> _What needs to be done_:
Output only the lines of the entries that follow, starting at the one with "#116=EDGE_CURVE('E57',#115,#107,#113,.T.);" and running down to the one with "#149=ORIENTED_EDGE('',*,*,#148,.F.);", both included and unchanged.

> _Data for processing_:

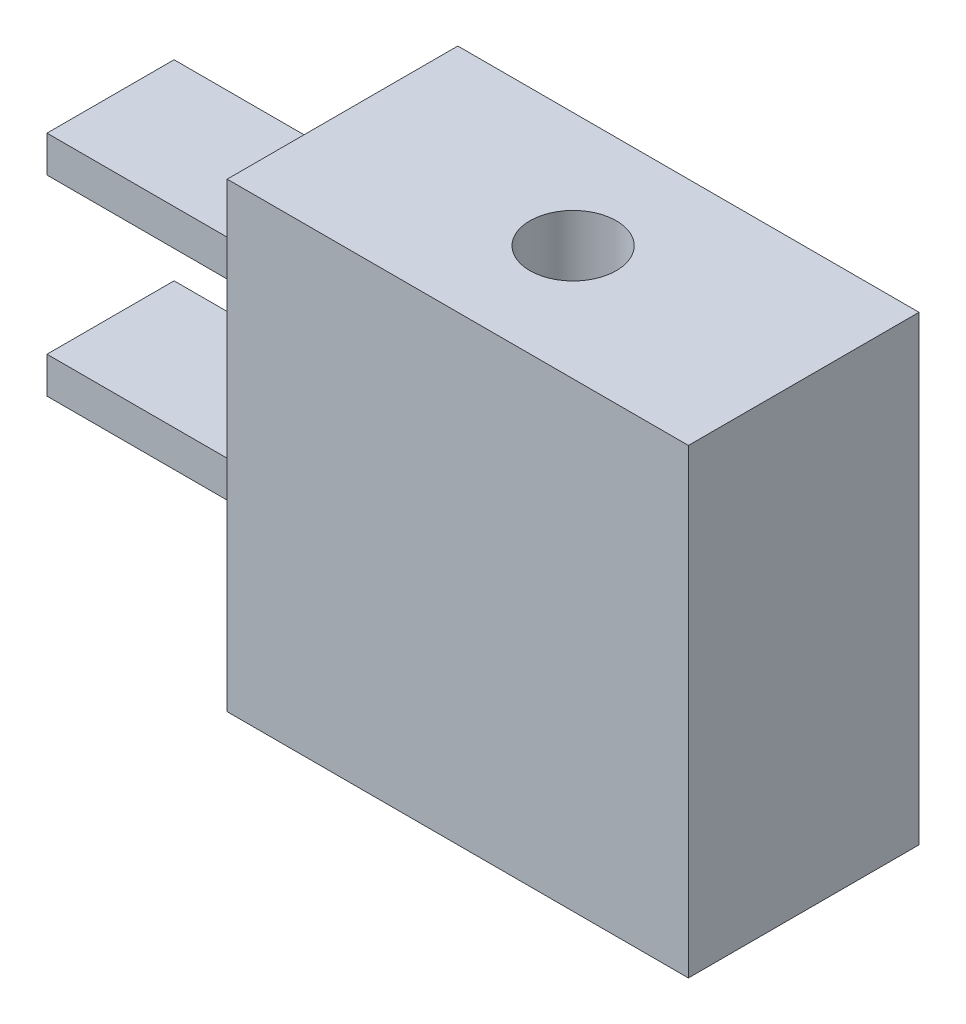
ISO-10303-21;
HEADER;
FILE_DESCRIPTION(('STEP AP214'),'2;1');
FILE_NAME('part.step','',(''),(''),'','','');
FILE_SCHEMA(('AUTOMOTIVE_DESIGN { 1 0 10303 214 1 1 1 1 }'));
ENDSEC;
DATA;
#1=APPLICATION_CONTEXT('core data for automotive mechanical design processes');
#2=APPLICATION_PROTOCOL_DEFINITION('international standard','automotive_design',2000,#1);
#3=PRODUCT_CONTEXT('',#1,'mechanical');
#4=PRODUCT('Part','Part','',(#3));
#5=PRODUCT_RELATED_PRODUCT_CATEGORY('part','',(#4));
#6=PRODUCT_DEFINITION_FORMATION('','',#4);
#7=PRODUCT_DEFINITION_CONTEXT('part definition',#1,'design');
#8=PRODUCT_DEFINITION('design','',#6,#7);
#9=PRODUCT_DEFINITION_SHAPE('','',#8);
#10=(LENGTH_UNIT() NAMED_UNIT(*) SI_UNIT(.MILLI.,.METRE.));
#11=(NAMED_UNIT(*) PLANE_ANGLE_UNIT() SI_UNIT($,.RADIAN.));
#12=(NAMED_UNIT(*) SI_UNIT($,.STERADIAN.) SOLID_ANGLE_UNIT());
#13=UNCERTAINTY_MEASURE_WITH_UNIT(LENGTH_MEASURE(1.E-05),#10,'distance_accuracy_value','');
#14=(GEOMETRIC_REPRESENTATION_CONTEXT(3) GLOBAL_UNCERTAINTY_ASSIGNED_CONTEXT((#13)) GLOBAL_UNIT_ASSIGNED_CONTEXT((#10,
#11,#12)) REPRESENTATION_CONTEXT('',''));
#15=CARTESIAN_POINT('',(0.,0.,0.));
#16=DIRECTION('',(0.,0.,1.));
#17=DIRECTION('',(1.,0.,0.));
#18=AXIS2_PLACEMENT_3D('',#15,#16,#17);
#19=CARTESIAN_POINT('',(-6.35,12.7,3.175));
#20=DIRECTION('',(1.,0.,0.));
#21=DIRECTION('',(0.,0.,-1.));
#22=AXIS2_PLACEMENT_3D('',#19,#20,#21);
#23=PLANE('',#22);
#24=DIRECTION('',(0.,1.,0.));
#25=VECTOR('',#24,1.);
#26=CARTESIAN_POINT('',(-6.35,3.65650049828048,1.78745804836316));
#27=LINE('',#26,#25);
#28=CARTESIAN_POINT('',(-6.35,3.65650049828048,1.78745804836316));
#29=VERTEX_POINT('',#28);
#30=CARTESIAN_POINT('',(-6.35,4.65650049828048,1.78745804836316));
#31=VERTEX_POINT('',#30);
#32=EDGE_CURVE('E147',#29,#31,#27,.T.);
#33=ORIENTED_EDGE('',*,*,#32,.F.);
#34=DIRECTION('',(0.,0.,1.));
#35=VECTOR('',#34,1.);
#36=CARTESIAN_POINT('',(-6.35,3.65650049828048,-1.71254195163684));
#37=LINE('',#36,#35);
#38=CARTESIAN_POINT('',(-6.35,3.65650049828048,-1.71254195163684));
#39=VERTEX_POINT('',#38);
#40=EDGE_CURVE('E160',#39,#29,#37,.T.);
#41=ORIENTED_EDGE('',*,*,#40,.F.);
#42=DIRECTION('',(0.,-1.,0.));
#43=VECTOR('',#42,1.);
#44=CARTESIAN_POINT('',(-6.35,3.65650049828048,-1.71254195163684));
#45=LINE('',#44,#43);
#46=CARTESIAN_POINT('',(-6.35,4.65650049828048,-1.71254195163684));
#47=VERTEX_POINT('',#46);
#48=EDGE_CURVE('E169',#47,#39,#45,.T.);
#49=ORIENTED_EDGE('',*,*,#48,.F.);
#50=DIRECTION('',(0.,0.,-1.));
#51=VECTOR('',#50,1.);
#52=CARTESIAN_POINT('',(-6.35,4.65650049828048,-1.71254195163684));
#53=LINE('',#52,#51);
#54=EDGE_CURVE('E150',#31,#47,#53,.T.);
#55=ORIENTED_EDGE('',*,*,#54,.F.);
#56=EDGE_LOOP('',(#33,#41,#49,#55));
#57=FACE_BOUND('',#56,.T.);
#58=DIRECTION('',(0.,0.,1.));
#59=VECTOR('',#58,1.);
#60=CARTESIAN_POINT('',(-6.35,0.,3.175));
#61=LINE('',#60,#59);
#62=CARTESIAN_POINT('',(-6.35,0.,-3.175));
#63=VERTEX_POINT('',#62);
#64=CARTESIAN_POINT('',(-6.35,0.,3.175));
#65=VERTEX_POINT('',#64);
#66=EDGE_CURVE('E207',#63,#65,#61,.T.);
#67=ORIENTED_EDGE('',*,*,#66,.T.);
#68=DIRECTION('',(0.,-1.,0.));
#69=VECTOR('',#68,1.);
#70=CARTESIAN_POINT('',(-6.35,12.7,3.175));
#71=LINE('',#70,#69);
#72=CARTESIAN_POINT('',(-6.35,12.7,3.175));
#73=VERTEX_POINT('',#72);
#74=EDGE_CURVE('E212',#73,#65,#71,.T.);
#75=ORIENTED_EDGE('',*,*,#74,.F.);
#76=DIRECTION('',(0.,0.,1.));
#77=VECTOR('',#76,1.);
#78=CARTESIAN_POINT('',(-6.35,12.7,3.175));
#79=LINE('',#78,#77);
#80=CARTESIAN_POINT('',(-6.35,12.7,-3.175));
#81=VERTEX_POINT('',#80);
#82=EDGE_CURVE('E198',#81,#73,#79,.T.);
#83=ORIENTED_EDGE('',*,*,#82,.F.);
#84=DIRECTION('',(0.,-1.,0.));
#85=VECTOR('',#84,1.);
#86=CARTESIAN_POINT('',(-6.35,12.7,-3.175));
#87=LINE('',#86,#85);
#88=EDGE_CURVE('E45',#81,#63,#87,.T.);
#89=ORIENTED_EDGE('',*,*,#88,.T.);
#90=EDGE_LOOP('',(#67,#75,#83,#89));
#91=FACE_BOUND('',#90,.T.);
#92=DIRECTION('',(0.,1.,0.));
#93=VECTOR('',#92,1.);
#94=CARTESIAN_POINT('',(-6.35,8.92854928618669,1.78745804836316));
#95=LINE('',#94,#93);
#96=CARTESIAN_POINT('',(-6.35,8.92854928618669,1.78745804836316));
#97=VERTEX_POINT('',#96);
#98=CARTESIAN_POINT('',(-6.35,9.92854928618669,1.78745804836316));
#99=VERTEX_POINT('',#98);
#100=EDGE_CURVE('E146',#97,#99,#95,.T.);
#101=ORIENTED_EDGE('',*,*,#100,.F.);
#102=DIRECTION('',(0.,0.,1.));
#103=VECTOR('',#102,1.);
#104=CARTESIAN_POINT('',(-6.35,8.92854928618669,-1.71254195163684));
#105=LINE('',#104,#103);
#106=CARTESIAN_POINT('',(-6.35,8.92854928618669,-1.71254195163684));
#107=VERTEX_POINT('',#106);
#108=EDGE_CURVE('E143',#107,#97,#105,.T.);
#109=ORIENTED_EDGE('',*,*,#108,.F.);
#110=DIRECTION('',(0.,-1.,0.));
#111=VECTOR('',#110,1.);
#112=CARTESIAN_POINT('',(-6.35,8.92854928618669,-1.71254195163684));
#113=LINE('',#112,#111);
#114=CARTESIAN_POINT('',(-6.35,9.92854928618669,-1.71254195163684));
#115=VERTEX_POINT('',#114);
#116=EDGE_CURVE('E57',#115,#107,#113,.T.);
#117=ORIENTED_EDGE('',*,*,#116,.F.);
#118=DIRECTION('',(0.,0.,-1.));
#119=VECTOR('',#118,1.);
#120=CARTESIAN_POINT('',(-6.35,9.92854928618669,-1.71254195163684));
#121=LINE('',#120,#119);
#122=EDGE_CURVE('E52',#99,#115,#121,.T.);
#123=ORIENTED_EDGE('',*,*,#122,.F.);
#124=EDGE_LOOP('',(#101,#109,#117,#123));
#125=FACE_BOUND('',#124,.T.);
#126=ADVANCED_FACE('F37',(#57,#91,#125),#23,.F.);
#127=CARTESIAN_POINT('',(6.35,12.7,3.175));
#128=DIRECTION('',(-1.,0.,0.));
#129=DIRECTION('',(0.,0.,1.));
#130=AXIS2_PLACEMENT_3D('',#127,#128,#129);
#131=PLANE('',#130);
#132=DIRECTION('',(0.,0.,-1.));
#133=VECTOR('',#132,1.);
#134=CARTESIAN_POINT('',(6.35,0.,3.175));
#135=LINE('',#134,#133);
#136=CARTESIAN_POINT('',(6.35,0.,3.175));
#137=VERTEX_POINT('',#136);
#138=CARTESIAN_POINT('',(6.35,0.,-3.175));
#139=VERTEX_POINT('',#138);
#140=EDGE_CURVE('E189',#137,#139,#135,.T.);
#141=ORIENTED_EDGE('',*,*,#140,.T.);
#142=DIRECTION('',(0.,-1.,0.));
#143=VECTOR('',#142,1.);
#144=CARTESIAN_POINT('',(6.35,12.7,-3.175));
#145=LINE('',#144,#143);
#146=CARTESIAN_POINT('',(6.35,12.7,-3.175));
#147=VERTEX_POINT('',#146);
#148=EDGE_CURVE('E11',#147,#139,#145,.T.);
#149=ORIENTED_EDGE('',*,*,#148,.F.);
#150=DIRECTION('',(0.,0.,-1.));
#151=VECTOR('',#150,1.);
#152=CARTESIAN_POINT('',(6.35,12.7,3.175));
#153=LINE('',#152,#151);
#154=CARTESIAN_POINT('',(6.35,12.7,3.175));
#155=VERTEX_POINT('',#154);
#156=EDGE_CURVE('E192',#155,#147,#153,.T.);
#157=ORIENTED_EDGE('',*,*,#156,.F.);
#158=DIRECTION('',(0.,-1.,0.));
#159=VECTOR('',#158,1.);
#160=CARTESIAN_POINT('',(6.35,12.7,3.175));
#161=LINE('',#160,#159);
#162=EDGE_CURVE('E202',#155,#137,#161,.T.);
#163=ORIENTED_EDGE('',*,*,#162,.T.);
#164=EDGE_LOOP('',(#141,#149,#157,#163));
#165=FACE_BOUND('',#164,.T.);
#166=ADVANCED_FACE('F39',(#165),#131,.F.);
#167=CARTESIAN_POINT('',(-6.35,12.7,-3.175));
#168=DIRECTION('',(0.,0.,1.));
#169=DIRECTION('',(1.,0.,0.));
#170=AXIS2_PLACEMENT_3D('',#167,#168,#169);
#171=PLANE('',#170);
#172=DIRECTION('',(-1.,0.,0.));
#173=VECTOR('',#172,1.);
#174=CARTESIAN_POINT('',(-6.35,0.,-3.175));
#175=LINE('',#174,#173);
#176=EDGE_CURVE('E205',#139,#63,#175,.T.);
#177=ORIENTED_EDGE('',*,*,#176,.T.);
#178=ORIENTED_EDGE('',*,*,#88,.F.);
#179=DIRECTION('',(-1.,0.,0.));
#180=VECTOR('',#179,1.);
#181=CARTESIAN_POINT('',(-6.35,12.7,-3.175));
#182=LINE('',#181,#180);
#183=EDGE_CURVE('E195',#147,#81,#182,.T.);
#184=ORIENTED_EDGE('',*,*,#183,.F.);
#185=ORIENTED_EDGE('',*,*,#148,.T.);
#186=EDGE_LOOP('',(#177,#178,#184,#185));
#187=FACE_BOUND('',#186,.T.);
#188=ADVANCED_FACE('F234',(#187),#171,.F.);
#189=CARTESIAN_POINT('',(-6.35,12.7,3.175));
#190=DIRECTION('',(0.,0.,-1.));
#191=DIRECTION('',(-1.,0.,0.));
#192=AXIS2_PLACEMENT_3D('',#189,#190,#191);
#193=PLANE('',#192);
#194=DIRECTION('',(1.,0.,0.));
#195=VECTOR('',#194,1.);
#196=CARTESIAN_POINT('',(-6.35,0.,3.175));
#197=LINE('',#196,#195);
#198=EDGE_CURVE('E196',#65,#137,#197,.T.);
#199=ORIENTED_EDGE('',*,*,#198,.T.);
#200=ORIENTED_EDGE('',*,*,#162,.F.);
#201=DIRECTION('',(1.,0.,0.));
#202=VECTOR('',#201,1.);
#203=CARTESIAN_POINT('',(-6.35,12.7,3.175));
#204=LINE('',#203,#202);
#205=EDGE_CURVE('E200',#73,#155,#204,.T.);
#206=ORIENTED_EDGE('',*,*,#205,.F.);
#207=ORIENTED_EDGE('',*,*,#74,.T.);
#208=EDGE_LOOP('',(#199,#200,#206,#207));
#209=FACE_BOUND('',#208,.T.);
#210=ADVANCED_FACE('F227',(#209),#193,.F.);
#211=CARTESIAN_POINT('',(0.,12.7,0.));
#212=DIRECTION('',(0.,-1.,0.));
#213=DIRECTION('',(0.,0.,-1.));
#214=AXIS2_PLACEMENT_3D('',#211,#212,#213);
#215=PLANE('',#214);
#216=CARTESIAN_POINT('',(0.,12.7,0.));
#217=DIRECTION('',(0.,1.,0.));
#218=DIRECTION('',(0.,0.,1.));
#219=AXIS2_PLACEMENT_3D('',#216,#217,#218);
#220=CIRCLE('',#219,1.190625);
#221=CARTESIAN_POINT('',(0.,12.7,1.190625));
#222=VERTEX_POINT('',#221);
#223=EDGE_CURVE('E185',#222,#222,#220,.T.);
#224=ORIENTED_EDGE('',*,*,#223,.F.);
#225=EDGE_LOOP('',(#224));
#226=FACE_BOUND('',#225,.T.);
#227=ORIENTED_EDGE('',*,*,#156,.T.);
#228=ORIENTED_EDGE('',*,*,#183,.T.);
#229=ORIENTED_EDGE('',*,*,#82,.T.);
#230=ORIENTED_EDGE('',*,*,#205,.T.);
#231=EDGE_LOOP('',(#227,#228,#229,#230));
#232=FACE_BOUND('',#231,.T.);
#233=ADVANCED_FACE('F233',(#226,#232),#215,.F.);
#234=CARTESIAN_POINT('',(0.,0.,0.));
#235=DIRECTION('',(0.,-1.,0.));
#236=DIRECTION('',(0.,0.,-1.));
#237=AXIS2_PLACEMENT_3D('',#234,#235,#236);
#238=PLANE('',#237);
#239=ORIENTED_EDGE('',*,*,#140,.F.);
#240=ORIENTED_EDGE('',*,*,#198,.F.);
#241=ORIENTED_EDGE('',*,*,#66,.F.);
#242=ORIENTED_EDGE('',*,*,#176,.F.);
#243=EDGE_LOOP('',(#239,#240,#241,#242));
#244=FACE_BOUND('',#243,.T.);
#245=ADVANCED_FACE('F224',(#244),#238,.T.);
#246=CARTESIAN_POINT('',(0.,9.7,0.));
#247=DIRECTION('',(0.,1.,0.));
#248=DIRECTION('',(0.,0.,1.));
#249=AXIS2_PLACEMENT_3D('',#246,#247,#248);
#250=CYLINDRICAL_SURFACE('',#249,1.190625);
#251=CARTESIAN_POINT('',(0.,9.7,0.));
#252=DIRECTION('',(0.,1.,0.));
#253=DIRECTION('',(0.,0.,1.));
#254=AXIS2_PLACEMENT_3D('',#251,#252,#253);
#255=CIRCLE('',#254,1.190625);
#256=CARTESIAN_POINT('',(0.,9.7,1.190625));
#257=VERTEX_POINT('',#256);
#258=EDGE_CURVE('E186',#257,#257,#255,.T.);
#259=ORIENTED_EDGE('',*,*,#258,.F.);
#260=EDGE_LOOP('',(#259));
#261=FACE_BOUND('',#260,.T.);
#262=ORIENTED_EDGE('',*,*,#223,.T.);
#263=EDGE_LOOP('',(#262));
#264=FACE_BOUND('',#263,.T.);
#265=ADVANCED_FACE('F249',(#261,#264),#250,.F.);
#266=CARTESIAN_POINT('',(0.,9.7,0.));
#267=DIRECTION('',(0.,1.,0.));
#268=DIRECTION('',(0.,0.,1.));
#269=AXIS2_PLACEMENT_3D('',#266,#267,#268);
#270=PLANE('',#269);
#271=ORIENTED_EDGE('',*,*,#258,.T.);
#272=EDGE_LOOP('',(#271));
#273=FACE_BOUND('',#272,.T.);
#274=ADVANCED_FACE('F255',(#273),#270,.T.);
#275=CARTESIAN_POINT('',(-12.7,3.65650049828048,1.78745804836316));
#276=DIRECTION('',(0.,0.,-1.));
#277=DIRECTION('',(-1.,0.,0.));
#278=AXIS2_PLACEMENT_3D('',#275,#276,#277);
#279=PLANE('',#278);
#280=ORIENTED_EDGE('',*,*,#32,.T.);
#281=DIRECTION('',(1.,0.,0.));
#282=VECTOR('',#281,1.);
#283=CARTESIAN_POINT('',(-12.7,4.65650049828048,1.78745804836316));
#284=LINE('',#283,#282);
#285=CARTESIAN_POINT('',(-12.7,4.65650049828048,1.78745804836316));
#286=VERTEX_POINT('',#285);
#287=EDGE_CURVE('E182',#286,#31,#284,.T.);
#288=ORIENTED_EDGE('',*,*,#287,.F.);
#289=DIRECTION('',(0.,1.,0.));
#290=VECTOR('',#289,1.);
#291=CARTESIAN_POINT('',(-12.7,3.65650049828048,1.78745804836316));
#292=LINE('',#291,#290);
#293=CARTESIAN_POINT('',(-12.7,3.65650049828048,1.78745804836316));
#294=VERTEX_POINT('',#293);
#295=EDGE_CURVE('E156',#294,#286,#292,.T.);
#296=ORIENTED_EDGE('',*,*,#295,.F.);
#297=DIRECTION('',(1.,0.,0.));
#298=VECTOR('',#297,1.);
#299=CARTESIAN_POINT('',(-12.7,3.65650049828048,1.78745804836316));
#300=LINE('',#299,#298);
#301=EDGE_CURVE('E165',#294,#29,#300,.T.);
#302=ORIENTED_EDGE('',*,*,#301,.T.);
#303=EDGE_LOOP('',(#280,#288,#296,#302));
#304=FACE_BOUND('',#303,.T.);
#305=ADVANCED_FACE('F259',(#304),#279,.F.);
#306=CARTESIAN_POINT('',(-12.7,4.65650049828048,-1.71254195163684));
#307=DIRECTION('',(0.,-1.,0.));
#308=DIRECTION('',(0.,0.,-1.));
#309=AXIS2_PLACEMENT_3D('',#306,#307,#308);
#310=PLANE('',#309);
#311=ORIENTED_EDGE('',*,*,#54,.T.);
#312=DIRECTION('',(1.,0.,0.));
#313=VECTOR('',#312,1.);
#314=CARTESIAN_POINT('',(-12.7,4.65650049828048,-1.71254195163684));
#315=LINE('',#314,#313);
#316=CARTESIAN_POINT('',(-12.7,4.65650049828048,-1.71254195163684));
#317=VERTEX_POINT('',#316);
#318=EDGE_CURVE('E179',#317,#47,#315,.T.);
#319=ORIENTED_EDGE('',*,*,#318,.F.);
#320=DIRECTION('',(0.,0.,-1.));
#321=VECTOR('',#320,1.);
#322=CARTESIAN_POINT('',(-12.7,4.65650049828048,-1.71254195163684));
#323=LINE('',#322,#321);
#324=EDGE_CURVE('E159',#286,#317,#323,.T.);
#325=ORIENTED_EDGE('',*,*,#324,.F.);
#326=ORIENTED_EDGE('',*,*,#287,.T.);
#327=EDGE_LOOP('',(#311,#319,#325,#326));
#328=FACE_BOUND('',#327,.T.);
#329=ADVANCED_FACE('F263',(#328),#310,.F.);
#330=CARTESIAN_POINT('',(-12.7,3.65650049828048,-1.71254195163684));
#331=DIRECTION('',(0.,0.,1.));
#332=DIRECTION('',(1.,0.,0.));
#333=AXIS2_PLACEMENT_3D('',#330,#331,#332);
#334=PLANE('',#333);
#335=ORIENTED_EDGE('',*,*,#48,.T.);
#336=DIRECTION('',(1.,0.,0.));
#337=VECTOR('',#336,1.);
#338=CARTESIAN_POINT('',(-12.7,3.65650049828048,-1.71254195163684));
#339=LINE('',#338,#337);
#340=CARTESIAN_POINT('',(-12.7,3.65650049828048,-1.71254195163684));
#341=VERTEX_POINT('',#340);
#342=EDGE_CURVE('E176',#341,#39,#339,.T.);
#343=ORIENTED_EDGE('',*,*,#342,.F.);
#344=DIRECTION('',(0.,-1.,0.));
#345=VECTOR('',#344,1.);
#346=CARTESIAN_POINT('',(-12.7,3.65650049828048,-1.71254195163684));
#347=LINE('',#346,#345);
#348=EDGE_CURVE('E162',#317,#341,#347,.T.);
#349=ORIENTED_EDGE('',*,*,#348,.F.);
#350=ORIENTED_EDGE('',*,*,#318,.T.);
#351=EDGE_LOOP('',(#335,#343,#349,#350));
#352=FACE_BOUND('',#351,.T.);
#353=ADVANCED_FACE('F267',(#352),#334,.F.);
#354=CARTESIAN_POINT('',(-12.7,3.65650049828048,-1.71254195163684));
#355=DIRECTION('',(0.,1.,0.));
#356=DIRECTION('',(0.,0.,1.));
#357=AXIS2_PLACEMENT_3D('',#354,#355,#356);
#358=PLANE('',#357);
#359=ORIENTED_EDGE('',*,*,#40,.T.);
#360=ORIENTED_EDGE('',*,*,#301,.F.);
#361=DIRECTION('',(0.,0.,1.));
#362=VECTOR('',#361,1.);
#363=CARTESIAN_POINT('',(-12.7,3.65650049828048,-1.71254195163684));
#364=LINE('',#363,#362);
#365=EDGE_CURVE('E164',#341,#294,#364,.T.);
#366=ORIENTED_EDGE('',*,*,#365,.F.);
#367=ORIENTED_EDGE('',*,*,#342,.T.);
#368=EDGE_LOOP('',(#359,#360,#366,#367));
#369=FACE_BOUND('',#368,.T.);
#370=ADVANCED_FACE('F271',(#369),#358,.F.);
#371=CARTESIAN_POINT('',(-12.7,0.,0.));
#372=DIRECTION('',(1.,0.,0.));
#373=DIRECTION('',(0.,0.,-1.));
#374=AXIS2_PLACEMENT_3D('',#371,#372,#373);
#375=PLANE('',#374);
#376=ORIENTED_EDGE('',*,*,#295,.T.);
#377=ORIENTED_EDGE('',*,*,#324,.T.);
#378=ORIENTED_EDGE('',*,*,#348,.T.);
#379=ORIENTED_EDGE('',*,*,#365,.T.);
#380=EDGE_LOOP('',(#376,#377,#378,#379));
#381=FACE_BOUND('',#380,.T.);
#382=ADVANCED_FACE('F275',(#381),#375,.F.);
#383=CARTESIAN_POINT('',(-12.7,8.92854928618669,1.78745804836316));
#384=DIRECTION('',(0.,0.,-1.));
#385=DIRECTION('',(-1.,0.,0.));
#386=AXIS2_PLACEMENT_3D('',#383,#384,#385);
#387=PLANE('',#386);
#388=ORIENTED_EDGE('',*,*,#100,.T.);
#389=DIRECTION('',(1.,0.,0.));
#390=VECTOR('',#389,1.);
#391=CARTESIAN_POINT('',(-12.7,9.92854928618669,1.78745804836316));
#392=LINE('',#391,#390);
#393=CARTESIAN_POINT('',(-12.7,9.92854928618669,1.78745804836316));
#394=VERTEX_POINT('',#393);
#395=EDGE_CURVE('E127',#394,#99,#392,.T.);
#396=ORIENTED_EDGE('',*,*,#395,.F.);
#397=DIRECTION('',(0.,1.,0.));
#398=VECTOR('',#397,1.);
#399=CARTESIAN_POINT('',(-12.7,8.92854928618669,1.78745804836316));
#400=LINE('',#399,#398);
#401=CARTESIAN_POINT('',(-12.7,8.92854928618669,1.78745804836316));
#402=VERTEX_POINT('',#401);
#403=EDGE_CURVE('E134',#402,#394,#400,.T.);
#404=ORIENTED_EDGE('',*,*,#403,.F.);
#405=DIRECTION('',(1.,0.,0.));
#406=VECTOR('',#405,1.);
#407=CARTESIAN_POINT('',(-12.7,8.92854928618669,1.78745804836316));
#408=LINE('',#407,#406);
#409=EDGE_CURVE('E399',#402,#97,#408,.T.);
#410=ORIENTED_EDGE('',*,*,#409,.T.);
#411=EDGE_LOOP('',(#388,#396,#404,#410));
#412=FACE_BOUND('',#411,.T.);
#413=ADVANCED_FACE('F145',(#412),#387,.F.);
#414=CARTESIAN_POINT('',(-12.7,9.92854928618669,-1.71254195163684));
#415=DIRECTION('',(0.,-1.,0.));
#416=DIRECTION('',(0.,0.,-1.));
#417=AXIS2_PLACEMENT_3D('',#414,#415,#416);
#418=PLANE('',#417);
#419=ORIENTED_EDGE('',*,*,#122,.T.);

> _Task answer_:
#116=EDGE_CURVE('E57',#115,#107,#113,.T.);
#117=ORIENTED_EDGE('',*,*,#116,.F.);
#118=DIRECTION('',(0.,0.,-1.));
#119=VECTOR('',#118,1.);
#120=CARTESIAN_POINT('',(-6.35,9.92854928618669,-1.71254195163684));
#121=LINE('',#120,#119);
#122=EDGE_CURVE('E52',#99,#115,#121,.T.);
#123=ORIENTED_EDGE('',*,*,#122,.F.);
#124=EDGE_LOOP('',(#101,#109,#117,#123));
#125=FACE_BOUND('',#124,.T.);
#126=ADVANCED_FACE('F37',(#57,#91,#125),#23,.F.);
#127=CARTESIAN_POINT('',(6.35,12.7,3.175));
#128=DIRECTION('',(-1.,0.,0.));
#129=DIRECTION('',(0.,0.,1.));
#130=AXIS2_PLACEMENT_3D('',#127,#128,#129);
#131=PLANE('',#130);
#132=DIRECTION('',(0.,0.,-1.));
#133=VECTOR('',#132,1.);
#134=CARTESIAN_POINT('',(6.35,0.,3.175));
#135=LINE('',#134,#133);
#136=CARTESIAN_POINT('',(6.35,0.,3.175));
#137=VERTEX_POINT('',#136);
#138=CARTESIAN_POINT('',(6.35,0.,-3.175));
#139=VERTEX_POINT('',#138);
#140=EDGE_CURVE('E189',#137,#139,#135,.T.);
#141=ORIENTED_EDGE('',*,*,#140,.T.);
#142=DIRECTION('',(0.,-1.,0.));
#143=VECTOR('',#142,1.);
#144=CARTESIAN_POINT('',(6.35,12.7,-3.175));
#145=LINE('',#144,#143);
#146=CARTESIAN_POINT('',(6.35,12.7,-3.175));
#147=VERTEX_POINT('',#146);
#148=EDGE_CURVE('E11',#147,#139,#145,.T.);
#149=ORIENTED_EDGE('',*,*,#148,.F.);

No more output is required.